The Bible quite clearly shows the Genesis 12:3 blessing being passed along for several generations, bypassing the ancestors of the Palestinians.
God did provide their ancestors with blessings, but not the specific blessing of Genesis 12:3, which was the beginning of the old covenant.
Modern Palestinians are Arabs, descended from Abraham's son Ishmael (Ishmaelites - Wikipedia).
God told Abraham to pass his blessing on to his second son, Isaac, not to his son Ishmael. God provided a separate blessing for Ishmael:
And God said, Sarah thy wife shall bear thee a son indeed; and thou shalt call his name Isaac: and I will establish my covenant with him for an everlasting covenant, and with his seed after him.
And as for Ishmael, I have heard thee: Behold, I have blessed him, and will make him fruitful, and will multiply him exceedingly; twelve princes shall he beget, and I will make him a great nation.
— Genesis 17:19,20
The Covenant that God made with Abraham was passed to Isaac, not to Ishmael, and so not to the ancestor nations of today's Palestinians.
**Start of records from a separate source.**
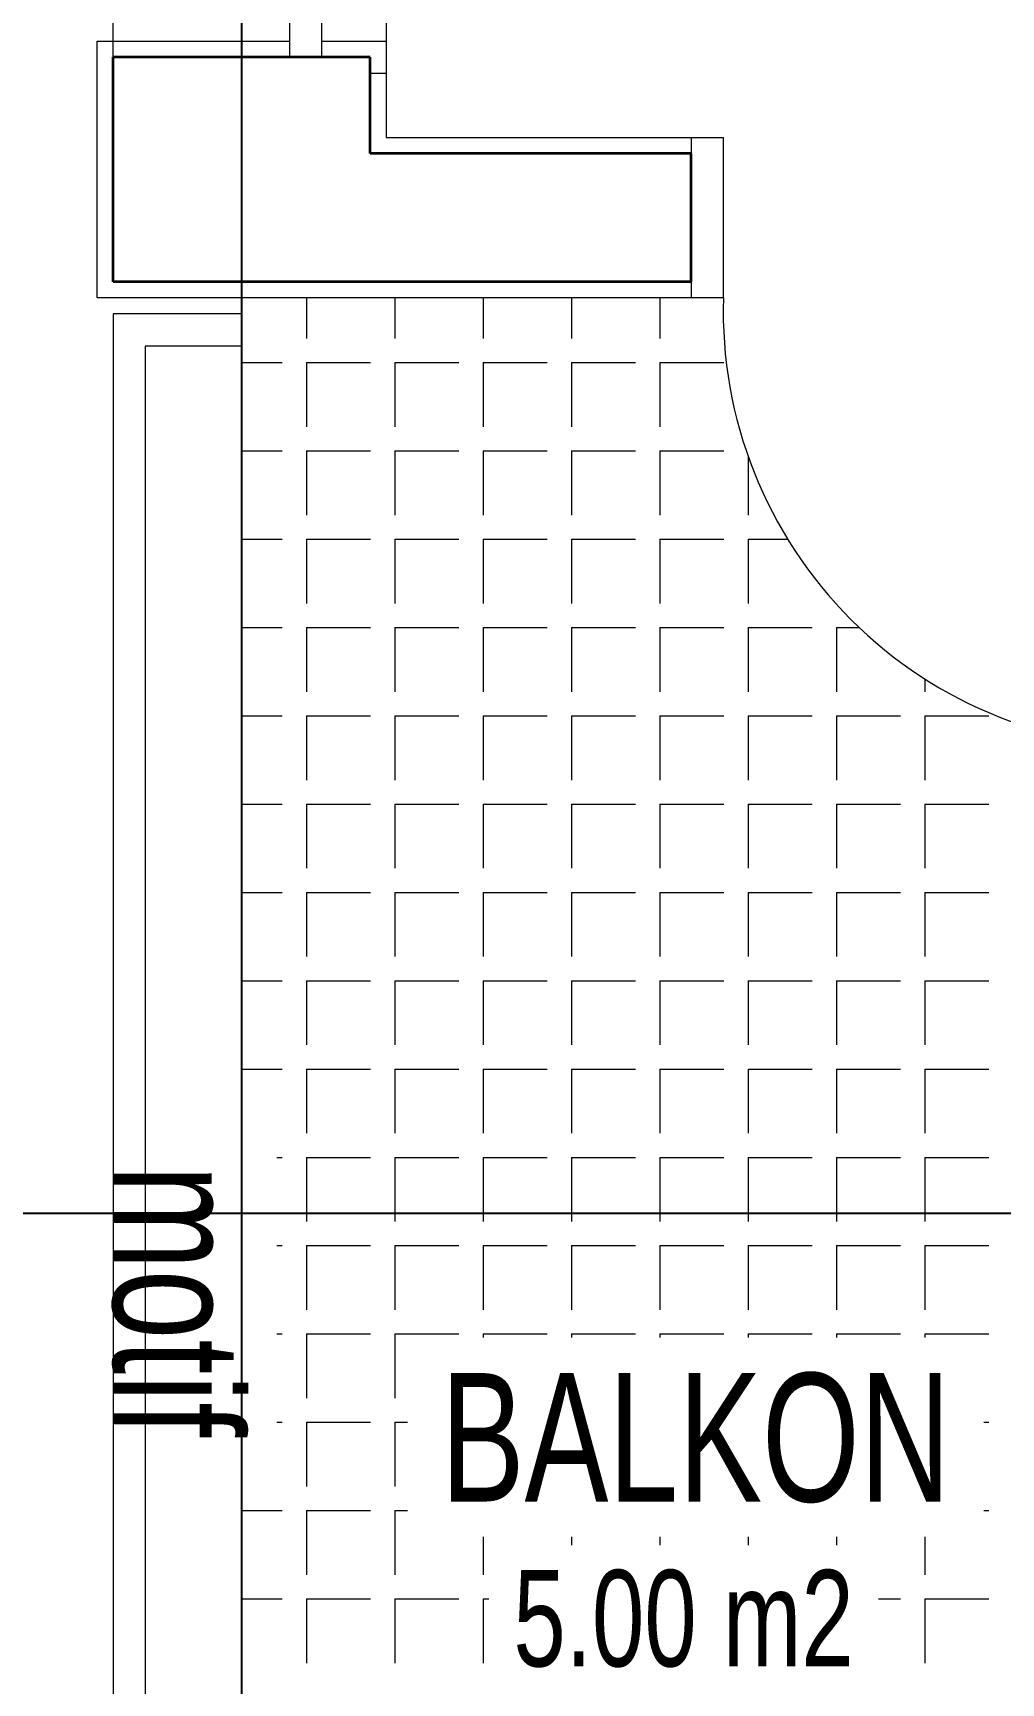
# Model space of a CAD drawing. Header units: inches. Extents: x -7543 to -822, y 102837 to 190349.
# Drawn here: x -831.6544 to -831.6242, y 102836.7978 to 102836.8492 of the extents above; entities that cross this region are included whole.
import ezdxf

# ---------------------------------------------------------------- set-up
doc = ezdxf.new("R2010")
doc.units = ezdxf.units.IN
doc.header["$MEASUREMENT"] = 0
doc.linetypes.add('DASHDOTX2', pattern=[2, 1, -0.5, 0, -0.5])
doc.layers.get('Defpoints').update_dxf_attribs({"lineweight": 25})
for name, color, linetype, lineweight in [('AKS', 1, 'Continuous', 25), ('İZ DÜŞÜM', 253, 'Continuous', 20), ('SIVA', 150, 'Continuous', 15), ('YAZI', 7, 'Continuous', 25)]:
    doc.layers.add(name, color=color, linetype=linetype, lineweight=lineweight)
for name, color, linetype, lineweight, true_color in [('BALKON', 7, 'Continuous', 20, 0xffaaa9), ('DUVAR', 7, 'Continuous', 35, 0xfc4642), ('KAPI', 7, 'Continuous', 18, 0xffb360), ('PENCERE', 7, 'Continuous', 18, 0xffb360)]:
    doc.layers.add(name, color=color, linetype=linetype, lineweight=lineweight, true_color=true_color)
doc.styles.add('arıal', font='arial.ttf', dxfattribs={"width": 0.7})

msp = doc.modelspace()

# ---------------------------------------------------------------- linework, layer by layer
at = {"layer": 'AKS', "linetype": 'DASHDOTX2', "ltscale": 10}
msp.add_line((-831.6986646402642, 102836.8124307916), (-831.3280608453938, 102836.8124307916), dxfattribs=at)
at = {"layer": 'BALKON'}
for p, q in [((-831.647877394348, 102836.8404307916), (-831.651877394348, 102836.8404307916)), ((-831.651877394348, 102836.8404307916), (-831.651877394348, 102836.7874307916)), ((-831.647877394348, 102836.8404307916), (-831.647877394348, 102836.7874307916)), ((-831.647877394348, 102836.8394307916), (-831.6508773943481, 102836.8394307916)), ((-831.6508773943481, 102836.8394307916), (-831.6508773943481, 102836.7874307916))]:
    msp.add_line(p, q, dxfattribs=at)
at = {"layer": 'Defpoints', "color": 4}
for p, q in [((-831.647877394348, 102836.9664307916), (-831.647877394348, 102836.8404307916)), ((-831.647877394348, 102836.8404307916), (-831.647877394348, 102836.7874307916))]:
    msp.add_line(p, q, dxfattribs=at)
at = {"layer": 'DUVAR'}
for p, q in [((-831.651877394348, 102836.8414307916), (-831.651877394348, 102836.8484307916)), ((-831.643877394348, 102836.8484307916), (-831.651877394348, 102836.8484307916)), ((-831.643877394348, 102836.8454307916), (-831.643877394348, 102836.8484307916)), ((-831.633877394348, 102836.8454307916), (-831.643877394348, 102836.8454307916)), ((-831.633877394348, 102836.8454307916), (-831.643877394348, 102836.8454307916)), ((-831.633877394348, 102836.8414307916), (-831.633877394348, 102836.8454307916)), ((-831.633877394348, 102836.8414307916), (-831.651877394348, 102836.8414307916))]:
    msp.add_line(p, q, dxfattribs=at)
at = {"layer": 'İZ DÜŞÜM'}
for p, q in [((-831.645859384586, 102836.8409307916), (-831.645859384586, 102836.8396687661)), ((-831.643109384586, 102836.8409307916), (-831.643109384586, 102836.8396687661)), ((-831.640359384586, 102836.8409307916), (-831.640359384586, 102836.8396687661)), ((-831.637609384586, 102836.8409307916), (-831.637609384586, 102836.8396687661)), ((-831.634859384586, 102836.8409307916), (-831.634859384586, 102836.8396687661)), ((-831.647877394348, 102836.8389187661), (-831.6466093845859, 102836.8389187661)), ((-831.645859384586, 102836.8389187661), (-831.645859384586, 102836.8369187661)), ((-831.645859384586, 102836.8389187661), (-831.643859384586, 102836.8389187661)), ((-831.643109384586, 102836.8389187661), (-831.643109384586, 102836.8369187661)), ((-831.643109384586, 102836.8389187661), (-831.6411093845859, 102836.8389187661)), ((-831.640359384586, 102836.8389187661), (-831.640359384586, 102836.8369187661)), ((-831.640359384586, 102836.8389187661), (-831.6383593845859, 102836.8389187661)), ((-831.637609384586, 102836.8389187661), (-831.637609384586, 102836.8369187661)), ((-831.637609384586, 102836.8389187661), (-831.6356093845859, 102836.8389187661)), ((-831.634859384586, 102836.8389187661), (-831.634859384586, 102836.8369187661)), ((-831.634859384586, 102836.8389187661), (-831.6328593845859, 102836.8389187661)), ((-831.647877394348, 102836.8361687661), (-831.6466093845859, 102836.8361687661)), ((-831.645859384586, 102836.8361687661), (-831.645859384586, 102836.8341687661)), ((-831.645859384586, 102836.8361687661), (-831.643859384586, 102836.8361687661)), ((-831.643109384586, 102836.8361687661), (-831.643109384586, 102836.8341687661)), ((-831.643109384586, 102836.8361687661), (-831.6411093845859, 102836.8361687661)), ((-831.640359384586, 102836.8361687661), (-831.640359384586, 102836.8341687661)), ((-831.640359384586, 102836.8361687661), (-831.6383593845859, 102836.8361687661)), ((-831.637609384586, 102836.8361687661), (-831.637609384586, 102836.8341687661)), ((-831.637609384586, 102836.8361687661), (-831.6356093845859, 102836.8361687661)), ((-831.634859384586, 102836.8361687661), (-831.634859384586, 102836.8341687661)), ((-831.634859384586, 102836.8361687661), (-831.6328593845859, 102836.8361687661)), ((-831.6321093845859, 102836.8360075155), (-831.6321093845859, 102836.8341687661)), ((-831.647877394348, 102836.8334187661), (-831.6466093845859, 102836.8334187661)), ((-831.645859384586, 102836.8334187661), (-831.645859384586, 102836.8314187661)), ((-831.645859384586, 102836.8334187661), (-831.643859384586, 102836.8334187661)), ((-831.643109384586, 102836.8334187661), (-831.643109384586, 102836.8314187661)), ((-831.643109384586, 102836.8334187661), (-831.6411093845859, 102836.8334187661)), ((-831.640359384586, 102836.8334187661), (-831.640359384586, 102836.8314187661)), ((-831.640359384586, 102836.8334187661), (-831.6383593845859, 102836.8334187661)), ((-831.637609384586, 102836.8334187661), (-831.637609384586, 102836.8314187661)), ((-831.637609384586, 102836.8334187661), (-831.6356093845859, 102836.8334187661)), ((-831.634859384586, 102836.8334187661), (-831.634859384586, 102836.8314187661)), ((-831.634859384586, 102836.8334187661), (-831.6328593845859, 102836.8334187661)), ((-831.6321093845859, 102836.8334187661), (-831.6321093845859, 102836.8314187661)), ((-831.6321093845859, 102836.8334187661), (-831.6308764931989, 102836.8334187661)), ((-831.647877394348, 102836.8306687661), (-831.6466093845859, 102836.8306687661)), ((-831.645859384586, 102836.8306687661), (-831.645859384586, 102836.8286687661)), ((-831.645859384586, 102836.8306687661), (-831.643859384586, 102836.8306687661)), ((-831.643109384586, 102836.8306687661), (-831.643109384586, 102836.8286687661)), ((-831.643109384586, 102836.8306687661), (-831.6411093845859, 102836.8306687661)), ((-831.640359384586, 102836.8306687661), (-831.640359384586, 102836.8286687661)), ((-831.640359384586, 102836.8306687661), (-831.6383593845859, 102836.8306687661)), ((-831.637609384586, 102836.8306687661), (-831.637609384586, 102836.8286687661)), ((-831.637609384586, 102836.8306687661), (-831.6356093845859, 102836.8306687661)), ((-831.634859384586, 102836.8306687661), (-831.634859384586, 102836.8286687661)), ((-831.634859384586, 102836.8306687661), (-831.6328593845859, 102836.8306687661)), ((-831.6321093845859, 102836.8306687661), (-831.6321093845859, 102836.8286687661)), ((-831.6321093845859, 102836.8306687661), (-831.6301093845859, 102836.8306687661)), ((-831.629359384586, 102836.8306687661), (-831.629359384586, 102836.8286687661)), ((-831.6293593845859, 102836.8306687661), (-831.6286507851026, 102836.8306687661)), ((-831.6266093845859, 102836.8290694688), (-831.6266093845859, 102836.8286687661)), ((-831.647877394348, 102836.8279187661), (-831.6466093845859, 102836.8279187661)), ((-831.645859384586, 102836.8279187661), (-831.645859384586, 102836.8259187661)), ((-831.645859384586, 102836.8279187661), (-831.643859384586, 102836.8279187661)), ((-831.643109384586, 102836.8279187661), (-831.643109384586, 102836.8259187661)), ((-831.643109384586, 102836.8279187661), (-831.6411093845859, 102836.8279187661)), ((-831.640359384586, 102836.8279187661), (-831.640359384586, 102836.8259187661)), ((-831.640359384586, 102836.8279187661), (-831.6383593845859, 102836.8279187661)), ((-831.637609384586, 102836.8279187661), (-831.637609384586, 102836.8259187661)), ((-831.637609384586, 102836.8279187661), (-831.6356093845859, 102836.8279187661)), ((-831.634859384586, 102836.8279187661), (-831.634859384586, 102836.8259187661)), ((-831.634859384586, 102836.8279187661), (-831.6328593845859, 102836.8279187661)), ((-831.6321093845859, 102836.8279187661), (-831.6321093845859, 102836.8259187661)), ((-831.6321093845859, 102836.8279187661), (-831.6301093845859, 102836.8279187661)), ((-831.629359384586, 102836.8279187661), (-831.629359384586, 102836.8259187661)), ((-831.6293593845859, 102836.8279187661), (-831.6273593845859, 102836.8279187661)), ((-831.6266093845859, 102836.8279187661), (-831.6266093845859, 102836.8259187661)), ((-831.6266093845859, 102836.8279187661), (-831.6246093845859, 102836.8279187661)), ((-831.647877394348, 102836.8251687661), (-831.6466093845859, 102836.8251687661)), ((-831.645859384586, 102836.8251687661), (-831.645859384586, 102836.8231687661)), ((-831.645859384586, 102836.8251687661), (-831.643859384586, 102836.8251687661)), ((-831.643109384586, 102836.8251687661), (-831.643109384586, 102836.8231687661)), ((-831.643109384586, 102836.8251687661), (-831.6411093845859, 102836.8251687661)), ((-831.640359384586, 102836.8251687661), (-831.640359384586, 102836.8231687661)), ((-831.640359384586, 102836.8251687661), (-831.6383593845859, 102836.8251687661)), ((-831.637609384586, 102836.8251687661), (-831.637609384586, 102836.8231687661)), ((-831.637609384586, 102836.8251687661), (-831.6356093845859, 102836.8251687661)), ((-831.634859384586, 102836.8251687661), (-831.634859384586, 102836.8231687661)), ((-831.634859384586, 102836.8251687661), (-831.6328593845859, 102836.8251687661)), ((-831.6321093845859, 102836.8251687661), (-831.6321093845859, 102836.8231687661)), ((-831.6321093845859, 102836.8251687661), (-831.6301093845859, 102836.8251687661)), ((-831.629359384586, 102836.8251687661), (-831.629359384586, 102836.8231687661)), ((-831.6293593845859, 102836.8251687661), (-831.6273593845859, 102836.8251687661)), ((-831.6266093845859, 102836.8251687661), (-831.6266093845859, 102836.8231687661)), ((-831.6266093845859, 102836.8251687661), (-831.6246093845859, 102836.8251687661)), ((-831.647877394348, 102836.8224187661), (-831.6466093845859, 102836.8224187661)), ((-831.645859384586, 102836.8224187661), (-831.645859384586, 102836.8204187661)), ((-831.645859384586, 102836.8224187661), (-831.643859384586, 102836.8224187661)), ((-831.643109384586, 102836.8224187661), (-831.643109384586, 102836.8204187661)), ((-831.643109384586, 102836.8224187661), (-831.6411093845859, 102836.8224187661)), ((-831.640359384586, 102836.8224187661), (-831.640359384586, 102836.8204187661)), ((-831.640359384586, 102836.8224187661), (-831.6383593845859, 102836.8224187661)), ((-831.637609384586, 102836.8224187661), (-831.637609384586, 102836.8204187661)), ((-831.637609384586, 102836.8224187661), (-831.6356093845859, 102836.8224187661)), ((-831.634859384586, 102836.8224187661), (-831.634859384586, 102836.8204187661)), ((-831.634859384586, 102836.8224187661), (-831.6328593845859, 102836.8224187661)), ((-831.6321093845859, 102836.8224187661), (-831.6321093845859, 102836.8204187661)), ((-831.6321093845859, 102836.8224187661), (-831.6301093845859, 102836.8224187661)), ((-831.629359384586, 102836.8224187661), (-831.629359384586, 102836.8204187661)), ((-831.6293593845859, 102836.8224187661), (-831.6273593845859, 102836.8224187661)), ((-831.6266093845859, 102836.8224187661), (-831.6266093845859, 102836.8204187661)), ((-831.6266093845859, 102836.8224187661), (-831.6246093845859, 102836.8224187661)), ((-831.647877394348, 102836.8196687661), (-831.6466093845859, 102836.8196687661)), ((-831.645859384586, 102836.8196687661), (-831.645859384586, 102836.8176687661)), ((-831.645859384586, 102836.8196687661), (-831.643859384586, 102836.8196687661)), ((-831.643109384586, 102836.8196687661), (-831.643109384586, 102836.8176687661)), ((-831.643109384586, 102836.8196687661), (-831.6411093845859, 102836.8196687661)), ((-831.640359384586, 102836.8196687661), (-831.640359384586, 102836.8176687661)), ((-831.640359384586, 102836.8196687661), (-831.6383593845859, 102836.8196687661)), ((-831.637609384586, 102836.8196687661), (-831.637609384586, 102836.8176687661)), ((-831.637609384586, 102836.8196687661), (-831.6356093845859, 102836.8196687661)), ((-831.634859384586, 102836.8196687661), (-831.634859384586, 102836.8176687661)), ((-831.634859384586, 102836.8196687661), (-831.6328593845859, 102836.8196687661)), ((-831.6321093845859, 102836.8196687661), (-831.6321093845859, 102836.8176687661)), ((-831.6321093845859, 102836.8196687661), (-831.6301093845859, 102836.8196687661)), ((-831.629359384586, 102836.8196687661), (-831.629359384586, 102836.8176687661)), ((-831.6293593845859, 102836.8196687661), (-831.6273593845859, 102836.8196687661)), ((-831.6266093845859, 102836.8196687661), (-831.6266093845859, 102836.8176687661)), ((-831.6266093845859, 102836.8196687661), (-831.6246093845859, 102836.8196687661)), ((-831.647877394348, 102836.8169187661), (-831.6466093845859, 102836.8169187661)), ((-831.645859384586, 102836.8169187661), (-831.645859384586, 102836.8149187661)), ((-831.645859384586, 102836.8169187661), (-831.643859384586, 102836.8169187661)), ((-831.643109384586, 102836.8169187661), (-831.643109384586, 102836.8149187661)), ((-831.643109384586, 102836.8169187661), (-831.6411093845859, 102836.8169187661)), ((-831.640359384586, 102836.8169187661), (-831.640359384586, 102836.8149187661)), ((-831.640359384586, 102836.8169187661), (-831.6383593845859, 102836.8169187661)), ((-831.637609384586, 102836.8169187661), (-831.637609384586, 102836.8149187661)), ((-831.637609384586, 102836.8169187661), (-831.6356093845859, 102836.8169187661)), ((-831.634859384586, 102836.8169187661), (-831.634859384586, 102836.8149187661)), ((-831.634859384586, 102836.8169187661), (-831.6328593845859, 102836.8169187661)), ((-831.6321093845859, 102836.8169187661), (-831.6321093845859, 102836.8149187661)), ((-831.6321093845859, 102836.8169187661), (-831.6301093845859, 102836.8169187661)), ((-831.629359384586, 102836.8169187661), (-831.629359384586, 102836.8149187661)), ((-831.6293593845859, 102836.8169187661), (-831.6273593845859, 102836.8169187661)), ((-831.6266093845859, 102836.8169187661), (-831.6266093845859, 102836.8149187661)), ((-831.6266093845859, 102836.8169187661), (-831.6246093845859, 102836.8169187661)), ((-831.6467757572402, 102836.8141687661), (-831.6466093845859, 102836.8141687661)), ((-831.645859384586, 102836.8141687661), (-831.645859384586, 102836.8121687661)), ((-831.645859384586, 102836.8141687661), (-831.643859384586, 102836.8141687661)), ((-831.643109384586, 102836.8141687661), (-831.643109384586, 102836.8121687661)), ((-831.643109384586, 102836.8141687661), (-831.6411093845859, 102836.8141687661)), ((-831.640359384586, 102836.8141687661), (-831.640359384586, 102836.8121687661)), ((-831.640359384586, 102836.8141687661), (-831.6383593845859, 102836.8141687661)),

Similarly, Isaac passed the blessing on to his son Jacob, not to his eldest son Esau, who had sold his right to the blessing to Jacob:
And Jacob said, Swear to me this day; and he sware unto him: and he sold his birthright unto Jacob.
— Genesis 25:33
Esau (also known as Edom - Wikipedia, possibly the ancestor of modern Turks) also received a blessing, but it was a different blessing (Gen 27:38), not part of Abraham's covenant with God.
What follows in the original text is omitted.